One of the concepts, taught both in class and found in the reading, that stuck out to me the most was Conquergood’s Performing as Moral Act. The acts plays an active role into everyone’s day to day life, even if it goes unacknowledged. Conquergood’s multiple acts each play a separate role in communication. The “custodian’s rip-off” is when a speaker, or possibly both, only talk to each other to further themselves or to get something out of the conversation. The “enthusiast’s infatuation” is ignoring the variances between the speakers. The “curator’s exhibitionism” is not moving past the variances between the speakers. The “skeptic’s cop-out” is a refusal of speakers to converse due to their variances being too prominent to move forward from. I saw nearly all of Conquergood’s moral acts in motion this past weekend through my sorority’s recruitment.

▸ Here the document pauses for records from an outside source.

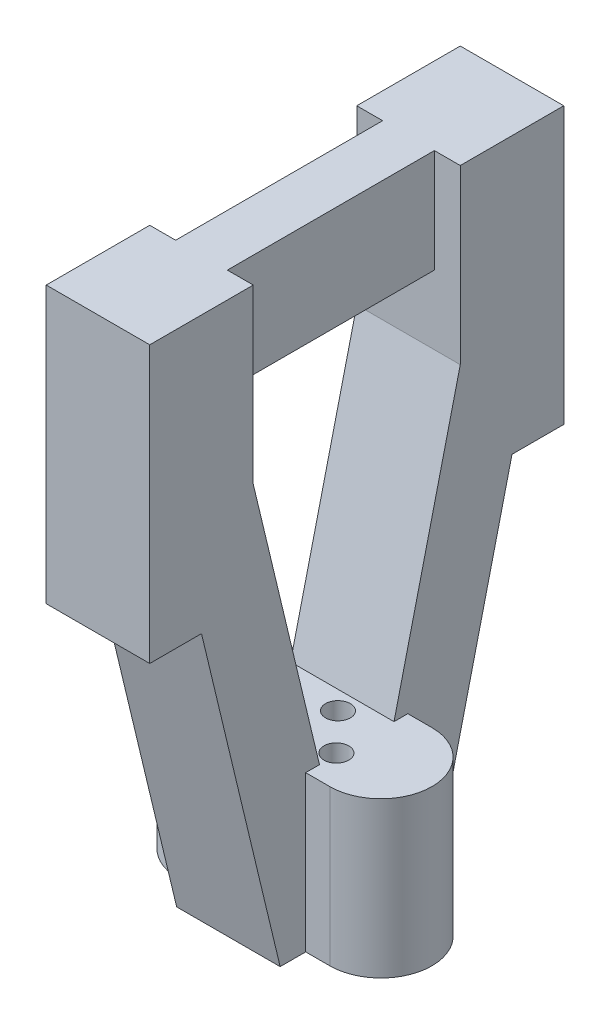
ISO-10303-21;
HEADER;
FILE_DESCRIPTION(('STEP AP214'),'2;1');
FILE_NAME('part.step','',(''),(''),'','','');
FILE_SCHEMA(('AUTOMOTIVE_DESIGN { 1 0 10303 214 1 1 1 1 }'));
ENDSEC;
DATA;
#1=APPLICATION_CONTEXT('core data for automotive mechanical design processes');
#2=APPLICATION_PROTOCOL_DEFINITION('international standard','automotive_design',2000,#1);
#3=PRODUCT_CONTEXT('',#1,'mechanical');
#4=PRODUCT('Part','Part','',(#3));
#5=PRODUCT_RELATED_PRODUCT_CATEGORY('part','',(#4));
#6=PRODUCT_DEFINITION_FORMATION('','',#4);
#7=PRODUCT_DEFINITION_CONTEXT('part definition',#1,'design');
#8=PRODUCT_DEFINITION('design','',#6,#7);
#9=PRODUCT_DEFINITION_SHAPE('','',#8);
#10=(LENGTH_UNIT() NAMED_UNIT(*) SI_UNIT(.MILLI.,.METRE.));
#11=(NAMED_UNIT(*) PLANE_ANGLE_UNIT() SI_UNIT($,.RADIAN.));
#12=(NAMED_UNIT(*) SI_UNIT($,.STERADIAN.) SOLID_ANGLE_UNIT());
#13=UNCERTAINTY_MEASURE_WITH_UNIT(LENGTH_MEASURE(1.E-05),#10,'distance_accuracy_value','');
#14=(GEOMETRIC_REPRESENTATION_CONTEXT(3) GLOBAL_UNCERTAINTY_ASSIGNED_CONTEXT((#13)) GLOBAL_UNIT_ASSIGNED_CONTEXT((#10,
#11,#12)) REPRESENTATION_CONTEXT('',''));
#15=CARTESIAN_POINT('',(0.,0.,0.));
#16=DIRECTION('',(0.,0.,1.));
#17=DIRECTION('',(1.,0.,0.));
#18=AXIS2_PLACEMENT_3D('',#15,#16,#17);
#19=CARTESIAN_POINT('',(-1.5,17.5,3.));
#20=DIRECTION('',(0.,0.,-1.));
#21=DIRECTION('',(0.,1.,0.));
#22=AXIS2_PLACEMENT_3D('',#19,#20,#21);
#23=PLANE('',#22);
#24=DIRECTION('',(-1.,0.,0.));
#25=VECTOR('',#24,1.);
#26=CARTESIAN_POINT('',(-0.75,14.5,3.));
#27=LINE('',#26,#25);
#28=CARTESIAN_POINT('',(0.749999999999999,14.5,3.));
#29=VERTEX_POINT('',#28);
#30=CARTESIAN_POINT('',(-0.75,14.5,3.));
#31=VERTEX_POINT('',#30);
#32=EDGE_CURVE('E49',#29,#31,#27,.T.);
#33=ORIENTED_EDGE('',*,*,#32,.F.);
#34=DIRECTION('',(0.,-1.,0.));
#35=VECTOR('',#34,1.);
#36=CARTESIAN_POINT('',(0.75,17.5,3.));
#37=LINE('',#36,#35);
#38=CARTESIAN_POINT('',(0.75,17.5,3.));
#39=VERTEX_POINT('',#38);
#40=EDGE_CURVE('E761',#39,#29,#37,.T.);
#41=ORIENTED_EDGE('',*,*,#40,.F.);
#42=DIRECTION('',(1.,0.,0.));
#43=VECTOR('',#42,1.);
#44=CARTESIAN_POINT('',(-1.5,17.5,3.));
#45=LINE('',#44,#43);
#46=CARTESIAN_POINT('',(1.5,17.5,3.));
#47=VERTEX_POINT('',#46);
#48=EDGE_CURVE('E336',#39,#47,#45,.T.);
#49=ORIENTED_EDGE('',*,*,#48,.T.);
#50=DIRECTION('',(0.,1.,0.));
#51=VECTOR('',#50,1.);
#52=CARTESIAN_POINT('',(1.5,17.5,3.));
#53=LINE('',#52,#51);
#54=CARTESIAN_POINT('',(1.5,12.5,3.));
#55=VERTEX_POINT('',#54);
#56=EDGE_CURVE('E298',#55,#47,#53,.T.);
#57=ORIENTED_EDGE('',*,*,#56,.F.);
#58=DIRECTION('',(1.,0.,0.));
#59=VECTOR('',#58,1.);
#60=CARTESIAN_POINT('',(-1.5,12.5,3.));
#61=LINE('',#60,#59);
#62=CARTESIAN_POINT('',(-1.5,12.5,3.));
#63=VERTEX_POINT('',#62);
#64=EDGE_CURVE('E337',#63,#55,#61,.T.);
#65=ORIENTED_EDGE('',*,*,#64,.F.);
#66=DIRECTION('',(0.,1.,0.));
#67=VECTOR('',#66,1.);
#68=CARTESIAN_POINT('',(-1.5,17.5,3.));
#69=LINE('',#68,#67);
#70=CARTESIAN_POINT('',(-1.5,17.5,3.));
#71=VERTEX_POINT('',#70);
#72=EDGE_CURVE('E317',#63,#71,#69,.T.);
#73=ORIENTED_EDGE('',*,*,#72,.T.);
#74=CARTESIAN_POINT('',(-0.75,17.5,3.));
#75=VERTEX_POINT('',#74);
#76=EDGE_CURVE('E349',#71,#75,#45,.T.);
#77=ORIENTED_EDGE('',*,*,#76,.T.);
#78=DIRECTION('',(0.,1.,0.));
#79=VECTOR('',#78,1.);
#80=CARTESIAN_POINT('',(-0.75,17.5,3.));
#81=LINE('',#80,#79);
#82=EDGE_CURVE('E54',#31,#75,#81,.T.);
#83=ORIENTED_EDGE('',*,*,#82,.F.);
#84=EDGE_LOOP('',(#33,#41,#49,#57,#65,#73,#77,#83));
#85=FACE_BOUND('',#84,.T.);
#86=ADVANCED_FACE('F33',(#85),#23,.T.);
#87=CARTESIAN_POINT('',(-1.5,17.5,-3.));
#88=DIRECTION('',(0.,0.,-1.));
#89=DIRECTION('',(0.,1.,0.));
#90=AXIS2_PLACEMENT_3D('',#87,#88,#89);
#91=PLANE('',#90);
#92=DIRECTION('',(0.,1.,0.));
#93=VECTOR('',#92,1.);
#94=CARTESIAN_POINT('',(0.75,17.5,-3.));
#95=LINE('',#94,#93);
#96=CARTESIAN_POINT('',(0.75,14.5,-3.));
#97=VERTEX_POINT('',#96);
#98=CARTESIAN_POINT('',(0.75,17.5,-3.));
#99=VERTEX_POINT('',#98);
#100=EDGE_CURVE('E214',#97,#99,#95,.T.);
#101=ORIENTED_EDGE('',*,*,#100,.F.);
#102=DIRECTION('',(1.,0.,0.));
#103=VECTOR('',#102,1.);
#104=CARTESIAN_POINT('',(-0.75,14.5,-3.));
#105=LINE('',#104,#103);
#106=CARTESIAN_POINT('',(-0.75,14.5,-3.));
#107=VERTEX_POINT('',#106);
#108=EDGE_CURVE('E223',#107,#97,#105,.T.);
#109=ORIENTED_EDGE('',*,*,#108,.F.);
#110=DIRECTION('',(0.,-1.,0.));
#111=VECTOR('',#110,1.);
#112=CARTESIAN_POINT('',(-0.75,17.5,-3.));
#113=LINE('',#112,#111);
#114=CARTESIAN_POINT('',(-0.75,17.5,-3.));
#115=VERTEX_POINT('',#114);
#116=EDGE_CURVE('E209',#115,#107,#113,.T.);
#117=ORIENTED_EDGE('',*,*,#116,.F.);
#118=DIRECTION('',(1.,0.,0.));
#119=VECTOR('',#118,1.);
#120=CARTESIAN_POINT('',(-1.5,17.5,-3.));
#121=LINE('',#120,#119);
#122=CARTESIAN_POINT('',(-1.5,17.5,-3.));
#123=VERTEX_POINT('',#122);
#124=EDGE_CURVE('E221',#123,#115,#121,.T.);
#125=ORIENTED_EDGE('',*,*,#124,.F.);
#126=DIRECTION('',(0.,1.,0.));
#127=VECTOR('',#126,1.);
#128=CARTESIAN_POINT('',(-1.5,17.5,-3.));
#129=LINE('',#128,#127);
#130=CARTESIAN_POINT('',(-1.5,12.5,-3.));
#131=VERTEX_POINT('',#130);
#132=EDGE_CURVE('E397',#131,#123,#129,.T.);
#133=ORIENTED_EDGE('',*,*,#132,.F.);
#134=DIRECTION('',(1.,0.,0.));
#135=VECTOR('',#134,1.);
#136=CARTESIAN_POINT('',(-1.5,12.5,-3.));
#137=LINE('',#136,#135);
#138=CARTESIAN_POINT('',(1.5,12.5,-3.));
#139=VERTEX_POINT('',#138);
#140=EDGE_CURVE('E247',#131,#139,#137,.T.);
#141=ORIENTED_EDGE('',*,*,#140,.T.);
#142=DIRECTION('',(0.,1.,0.));
#143=VECTOR('',#142,1.);
#144=CARTESIAN_POINT('',(1.5,17.5,-3.));
#145=LINE('',#144,#143);
#146=CARTESIAN_POINT('',(1.5,17.5,-3.));
#147=VERTEX_POINT('',#146);
#148=EDGE_CURVE('E368',#139,#147,#145,.T.);
#149=ORIENTED_EDGE('',*,*,#148,.T.);
#150=EDGE_CURVE('E231',#99,#147,#121,.T.);
#151=ORIENTED_EDGE('',*,*,#150,.F.);
#152=EDGE_LOOP('',(#101,#109,#117,#125,#133,#141,#149,#151));
#153=FACE_BOUND('',#152,.T.);
#154=ADVANCED_FACE('F219',(#153),#91,.F.);
#155=CARTESIAN_POINT('',(-2.2,4.5,-1.48));
#156=DIRECTION('',(0.,0.,-1.));
#157=DIRECTION('',(-1.,0.,0.));
#158=AXIS2_PLACEMENT_3D('',#155,#156,#157);
#159=PLANE('',#158);
#160=DIRECTION('',(1.,0.,0.));
#161=VECTOR('',#160,1.);
#162=CARTESIAN_POINT('',(-2.2,0.,-1.48));
#163=LINE('',#162,#161);
#164=CARTESIAN_POINT('',(1.5,0.,-1.48));
#165=VERTEX_POINT('',#164);
#166=CARTESIAN_POINT('',(2.2,0.,-1.48));
#167=VERTEX_POINT('',#166);
#168=EDGE_CURVE('E277',#165,#167,#163,.T.);
#169=ORIENTED_EDGE('',*,*,#168,.F.);
#170=DIRECTION('',(0.,1.,0.));
#171=VECTOR('',#170,1.);
#172=CARTESIAN_POINT('',(1.5,4.5,-1.48));
#173=LINE('',#172,#171);
#174=CARTESIAN_POINT('',(1.5,4.5,-1.48));
#175=VERTEX_POINT('',#174);
#176=EDGE_CURVE('E230',#165,#175,#173,.T.);
#177=ORIENTED_EDGE('',*,*,#176,.T.);
#178=DIRECTION('',(1.,0.,0.));
#179=VECTOR('',#178,1.);
#180=CARTESIAN_POINT('',(-2.2,4.5,-1.48));
#181=LINE('',#180,#179);
#182=CARTESIAN_POINT('',(2.2,4.5,-1.48));
#183=VERTEX_POINT('',#182);
#184=EDGE_CURVE('E263',#175,#183,#181,.T.);
#185=ORIENTED_EDGE('',*,*,#184,.T.);
#186=DIRECTION('',(0.,-1.,0.));
#187=VECTOR('',#186,1.);
#188=CARTESIAN_POINT('',(2.2,4.5,-1.48));
#189=LINE('',#188,#187);
#190=EDGE_CURVE('E281',#183,#167,#189,.T.);
#191=ORIENTED_EDGE('',*,*,#190,.T.);
#192=EDGE_LOOP('',(#169,#177,#185,#191));
#193=FACE_BOUND('',#192,.T.);
#194=ADVANCED_FACE('F447',(#193),#159,.T.);
#195=CARTESIAN_POINT('',(-1.5,0.,0.));
#196=DIRECTION('',(-1.,0.,0.));
#197=DIRECTION('',(0.,0.,1.));
#198=AXIS2_PLACEMENT_3D('',#195,#196,#197);
#199=PLANE('',#198);
#200=DIRECTION('',(0.,0.,-1.));
#201=VECTOR('',#200,1.);
#202=CARTESIAN_POINT('',(-1.5,4.5,0.));
#203=LINE('',#202,#201);
#204=CARTESIAN_POINT('',(-1.5,4.5,1.48));
#205=VERTEX_POINT('',#204);
#206=CARTESIAN_POINT('',(-1.5,4.5,1.08));
#207=VERTEX_POINT('',#206);
#208=EDGE_CURVE('E293',#205,#207,#203,.T.);
#209=ORIENTED_EDGE('',*,*,#208,.F.);
#210=DIRECTION('',(0.,-1.,0.));
#211=VECTOR('',#210,1.);
#212=CARTESIAN_POINT('',(-1.5,0.,1.48));
#213=LINE('',#212,#211);
#214=CARTESIAN_POINT('',(-1.5,0.,1.48));
#215=VERTEX_POINT('',#214);
#216=EDGE_CURVE('E296',#205,#215,#213,.T.);
#217=ORIENTED_EDGE('',*,*,#216,.T.);
#218=DIRECTION('',(0.,0.,-1.));
#219=VECTOR('',#218,1.);
#220=CARTESIAN_POINT('',(-1.5,0.,0.));
#221=LINE('',#220,#219);
#222=CARTESIAN_POINT('',(-1.5,0.,2.22));
#223=VERTEX_POINT('',#222);
#224=EDGE_CURVE('E331',#223,#215,#221,.T.);
#225=ORIENTED_EDGE('',*,*,#224,.F.);
#226=DIRECTION('',(0.,-0.972387301980517,-0.233372952475324));
#227=VECTOR('',#226,1.);
#228=CARTESIAN_POINT('',(-1.5,0.,2.22));
#229=LINE('',#228,#227);
#230=CARTESIAN_POINT('',(-1.5,9.5,4.5));
#231=VERTEX_POINT('',#230);
#232=EDGE_CURVE('E328',#231,#223,#229,.T.);
#233=ORIENTED_EDGE('',*,*,#232,.F.);
#234=DIRECTION('',(0.,0.,-1.));
#235=VECTOR('',#234,1.);
#236=CARTESIAN_POINT('',(-1.5,9.5,6.));
#237=LINE('',#236,#235);
#238=CARTESIAN_POINT('',(-1.5,9.5,6.));
#239=VERTEX_POINT('',#238);
#240=EDGE_CURVE('E325',#239,#231,#237,.T.);
#241=ORIENTED_EDGE('',*,*,#240,.F.);
#242=DIRECTION('',(0.,-1.,0.));
#243=VECTOR('',#242,1.);
#244=CARTESIAN_POINT('',(-1.5,17.5,6.));
#245=LINE('',#244,#243);
#246=CARTESIAN_POINT('',(-1.5,17.5,6.));
#247=VERTEX_POINT('',#246);
#248=EDGE_CURVE('E323',#247,#239,#245,.T.);
#249=ORIENTED_EDGE('',*,*,#248,.F.);
#250=DIRECTION('',(0.,0.,1.));
#251=VECTOR('',#250,1.);
#252=CARTESIAN_POINT('',(-1.5,17.5,3.));
#253=LINE('',#252,#251);
#254=EDGE_CURVE('E320',#71,#247,#253,.T.);
#255=ORIENTED_EDGE('',*,*,#254,.F.);
#256=ORIENTED_EDGE('',*,*,#72,.F.);
#257=DIRECTION('',(0.,0.972387301980517,0.233372952475324));
#258=VECTOR('',#257,1.);
#259=CARTESIAN_POINT('',(-1.5,12.5,3.));
#260=LINE('',#259,#258);
#261=EDGE_CURVE('E334',#207,#63,#260,.T.);
#262=ORIENTED_EDGE('',*,*,#261,.F.);
#263=EDGE_LOOP('',(#209,#217,#225,#233,#241,#249,#255,#256,#262));
#264=FACE_BOUND('',#263,.T.);
#265=ADVANCED_FACE('F469',(#264),#199,.T.);
#266=CARTESIAN_POINT('',(1.5,0.,0.));
#267=DIRECTION('',(-1.,0.,0.));
#268=DIRECTION('',(0.,0.,1.));
#269=AXIS2_PLACEMENT_3D('',#266,#267,#268);
#270=PLANE('',#269);
#271=DIRECTION('',(0.,-1.,0.));
#272=VECTOR('',#271,1.);
#273=CARTESIAN_POINT('',(1.5,0.,1.48));
#274=LINE('',#273,#272);
#275=CARTESIAN_POINT('',(1.5,4.5,1.48));
#276=VERTEX_POINT('',#275);
#277=CARTESIAN_POINT('',(1.5,0.,1.48));
#278=VERTEX_POINT('',#277);
#279=EDGE_CURVE('E352',#276,#278,#274,.T.);
#280=ORIENTED_EDGE('',*,*,#279,.F.);
#281=DIRECTION('',(0.,0.,-1.));
#282=VECTOR('',#281,1.);
#283=CARTESIAN_POINT('',(1.5,4.5,0.));
#284=LINE('',#283,#282);
#285=CARTESIAN_POINT('',(1.5,4.5,1.08));
#286=VERTEX_POINT('',#285);
#287=EDGE_CURVE('E340',#276,#286,#284,.T.);
#288=ORIENTED_EDGE('',*,*,#287,.T.);
#289=DIRECTION('',(0.,0.972387301980517,0.233372952475324));
#290=VECTOR('',#289,1.);
#291=CARTESIAN_POINT('',(1.5,12.5,3.));
#292=LINE('',#291,#290);
#293=EDGE_CURVE('E315',#286,#55,#292,.T.);
#294=ORIENTED_EDGE('',*,*,#293,.T.);
#295=ORIENTED_EDGE('',*,*,#56,.T.);
#296=DIRECTION('',(0.,0.,1.));
#297=VECTOR('',#296,1.);
#298=CARTESIAN_POINT('',(1.5,17.5,3.));
#299=LINE('',#298,#297);
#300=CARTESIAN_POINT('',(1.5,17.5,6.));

Throughout the near 55 strangers I met with, I constantly found myself acting within the roles of the “enthusiast’s infatuation” and the “curator’s exhibitionism.” The short conversations I had with these girls were very surface level, as you cannot get to truly know someone within a matter of five to ten minutes. With that in mind, I looked for the easiest way to connect with the girls I was meeting. There were two options I found the most simple to categorize the conversations in were: someone who I am nothing alike and wants to talk more in-depth or someone who does not want to explore our differences. Within the first few questions I had asked, I either picked up on similar life experiences or vice versa. If the girl I was talking to seemed passionate about the things she was talking, yet I could not relate, I would use the “curator’s exhibitionism” and give my attention and bring the conversation back around to hear the variances between our lives. On the other hand, if the girl seemed to have no interest in explaining or hearing the variances in our lives, I would use the “curator’s exhibitionism” and move past our differences and attempt to find something we had in common. Without even knowing of the moral acts, I was still utilizing them in conversation to attempt to connect with strangers within a matter of five to ten minutes.
When first learning about the moral acts, they seemed like such specific ways of communicating that did not really apply to my everyday life. However, examining my life and my interactions with others, I am guilting of using them all. Whether it is acting in the “custodian’s rip-off” in wanting to hear the latest gossip, or meeting new people, or acting in the “skeptics cop-out” when avoiding confrontation with those I disagree with. I think the acts are something worth keeping in the back of your mind when conversing with others. You may continually fall into a certain act and not even realizing it. Challenging yourself to use other acts serves as an opportunity for personal growth and possible deeper human connection.